> [What the task asks]: Every record must be transcribed in its entirety, apart from the images, which are to be omitted.

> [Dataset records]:
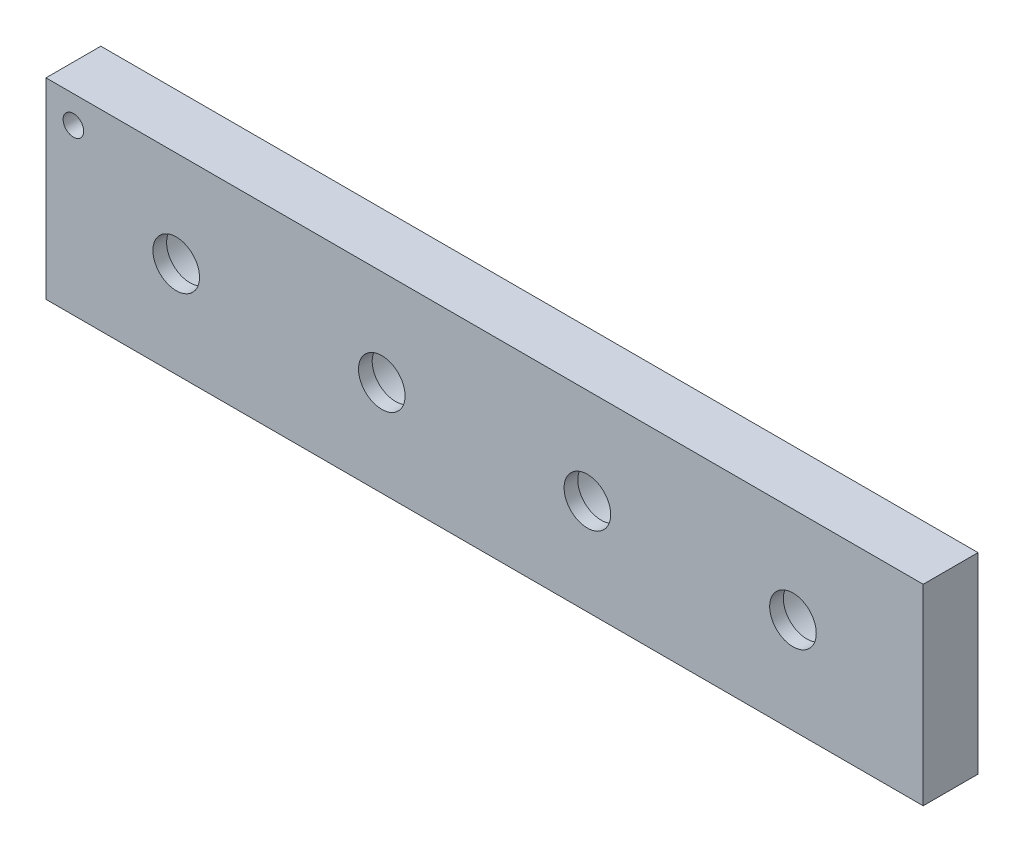
from build123d import *

# Parameters (mm, degrees)
COUPON_BAR_64X14X4_PROFILE_W                   = 64
COUPON_BAR_64X14X4_PROFILE_H                   = 14
COUPON_BAR_64X14X4_DEPTH                       = 4
PRESS_SOCKETS_5P70_5P80_5P90_6P00_DE_2_R       = 2.85
PRESS_SOCKETS_5P70_5P80_5P90_6P00_DE_2_R_2     = 2.9
PRESS_SOCKETS_5P70_5P80_5P90_6P00_DE_2_R_3     = 2.95
PRESS_SOCKETS_5P70_5P80_5P90_6P00_DE_2_R_4     = 3
PRESS_SOCKETS_5P70_5P80_5P90_6P00_DEPTH3_DEPTH = 3
M3_CENTRE_SCREW_CLEARANCE_START                = -50
M3_CENTRE_SCREW_CLEARANCE_PROFILE_R            = 1.7
M3_CENTRE_SCREW_CLEARANCE_DEPTH                = 84
ORIENTATION_MARK_AT_SMALLEST_SOCKET_START      = -50
ORIENTATION_MARK_AT_SMALLEST_SOCKET_PROF_R     = 0.75
ORIENTATION_MARK_AT_SMALLEST_SOCKET_DEPTH      = 84


with BuildPart() as part:
    # Coupon_bar_64x14x4_profile → Coupon_bar_64x14x4 (new body)
    with BuildSketch(Plane.XY):
        Rectangle(COUPON_BAR_64X14X4_PROFILE_W, COUPON_BAR_64X14X4_PROFILE_H)
    extrude(amount=COUPON_BAR_64X14X4_DEPTH)

    # Press_sockets_5p70_5p80_5p90_6p00_de 2 → Press_sockets_5p70_5p80_5p90_6p00_depth3 (cut)
    with BuildSketch(Plane.XY):
        with Locations((-22.5, 0)):
            Circle(PRESS_SOCKETS_5P70_5P80_5P90_6P00_DE_2_R)
        with Locations((-7.5, 0)):
            Circle(PRESS_SOCKETS_5P70_5P80_5P90_6P00_DE_2_R_2)
        with Locations((7.5, 0)):
            Circle(PRESS_SOCKETS_5P70_5P80_5P90_6P00_DE_2_R_3)
        with Locations((22.5, 0)):
            Circle(PRESS_SOCKETS_5P70_5P80_5P90_6P00_DE_2_R_4)
    extrude(amount=PRESS_SOCKETS_5P70_5P80_5P90_6P00_DEPTH3_DEPTH, mode=Mode.SUBTRACT)

    # M3_centre_screw_clearance_profile → M3_centre_screw_clearance (cut, through all)
    with BuildSketch(Plane.XY.offset(M3_CENTRE_SCREW_CLEARANCE_START)):
        with Locations((-22.5, 0)):
            Circle(M3_CENTRE_SCREW_CLEARANCE_PROFILE_R)
        with Locations((-7.5, 0)):
            Circle(M3_CENTRE_SCREW_CLEARANCE_PROFILE_R)
        with Locations((7.5, 0)):
            Circle(M3_CENTRE_SCREW_CLEARANCE_PROFILE_R)
        with Locations((22.5, 0)):
            Circle(M3_CENTRE_SCREW_CLEARANCE_PROFILE_R)
    extrude(amount=M3_CENTRE_SCREW_CLEARANCE_DEPTH, mode=Mode.SUBTRACT)

    # Orientation_mark_at_smallest_socket_profile → Orientation_mark_at_smallest_socket (cut, through all)
    with BuildSketch(Plane.XY.offset(ORIENTATION_MARK_AT_SMALLEST_SOCKET_START)):
        with Locations(Location((-30, 5, 0), (0, 0, 180))):
            Circle(ORIENTATION_MARK_AT_SMALLEST_SOCKET_PROF_R)
    extrude(amount=ORIENTATION_MARK_AT_SMALLEST_SOCKET_DEPTH, mode=Mode.SUBTRACT)


solid = part.part

> [Exercise answer]:
from build123d import *

# Parameters (mm, degrees)
COUPON_BAR_64X14X4_PROFILE_W                   = 64
COUPON_BAR_64X14X4_PROFILE_H                   = 14
COUPON_BAR_64X14X4_DEPTH                       = 4
PRESS_SOCKETS_5P70_5P80_5P90_6P00_DE_2_R       = 2.85
PRESS_SOCKETS_5P70_5P80_5P90_6P00_DE_2_R_2     = 2.9
PRESS_SOCKETS_5P70_5P80_5P90_6P00_DE_2_R_3     = 2.95
PRESS_SOCKETS_5P70_5P80_5P90_6P00_DE_2_R_4     = 3
PRESS_SOCKETS_5P70_5P80_5P90_6P00_DEPTH3_DEPTH = 3
M3_CENTRE_SCREW_CLEARANCE_START                = -50
M3_CENTRE_SCREW_CLEARANCE_PROFILE_R            = 1.7
M3_CENTRE_SCREW_CLEARANCE_DEPTH                = 84
ORIENTATION_MARK_AT_SMALLEST_SOCKET_START      = -50
ORIENTATION_MARK_AT_SMALLEST_SOCKET_PROF_R     = 0.75
ORIENTATION_MARK_AT_SMALLEST_SOCKET_DEPTH      = 84


with BuildPart() as part:
    # Coupon_bar_64x14x4_profile → Coupon_bar_64x14x4 (new body)
    with BuildSketch(Plane.XY):
        Rectangle(COUPON_BAR_64X14X4_PROFILE_W, COUPON_BAR_64X14X4_PROFILE_H)
    extrude(amount=COUPON_BAR_64X14X4_DEPTH)

    # Press_sockets_5p70_5p80_5p90_6p00_de 2 → Press_sockets_5p70_5p80_5p90_6p00_depth3 (cut)
    with BuildSketch(Plane.XY):
        with Locations((-22.5, 0)):
            Circle(PRESS_SOCKETS_5P70_5P80_5P90_6P00_DE_2_R)
        with Locations((-7.5, 0)):
            Circle(PRESS_SOCKETS_5P70_5P80_5P90_6P00_DE_2_R_2)
        with Locations((7.5, 0)):
            Circle(PRESS_SOCKETS_5P70_5P80_5P90_6P00_DE_2_R_3)
        with Locations((22.5, 0)):
            Circle(PRESS_SOCKETS_5P70_5P80_5P90_6P00_DE_2_R_4)
    extrude(amount=PRESS_SOCKETS_5P70_5P80_5P90_6P00_DEPTH3_DEPTH, mode=Mode.SUBTRACT)

    # M3_centre_screw_clearance_profile → M3_centre_screw_clearance (cut, through all)
    with BuildSketch(Plane.XY.offset(M3_CENTRE_SCREW_CLEARANCE_START)):
        with Locations((-22.5, 0)):
            Circle(M3_CENTRE_SCREW_CLEARANCE_PROFILE_R)
        with Locations((-7.5, 0)):
            Circle(M3_CENTRE_SCREW_CLEARANCE_PROFILE_R)
        with Locations((7.5, 0)):
            Circle(M3_CENTRE_SCREW_CLEARANCE_PROFILE_R)
        with Locations((22.5, 0)):
            Circle(M3_CENTRE_SCREW_CLEARANCE_PROFILE_R)
    extrude(amount=M3_CENTRE_SCREW_CLEARANCE_DEPTH, mode=Mode.SUBTRACT)

    # Orientation_mark_at_smallest_socket_profile → Orientation_mark_at_smallest_socket (cut, through all)
    with BuildSketch(Plane.XY.offset(ORIENTATION_MARK_AT_SMALLEST_SOCKET_START)):
        with Locations(Location((-30, 5, 0), (0, 0, 180))):
            Circle(ORIENTATION_MARK_AT_SMALLEST_SOCKET_PROF_R)
    extrude(amount=ORIENTATION_MARK_AT_SMALLEST_SOCKET_DEPTH, mode=Mode.SUBTRACT)


solid = part.part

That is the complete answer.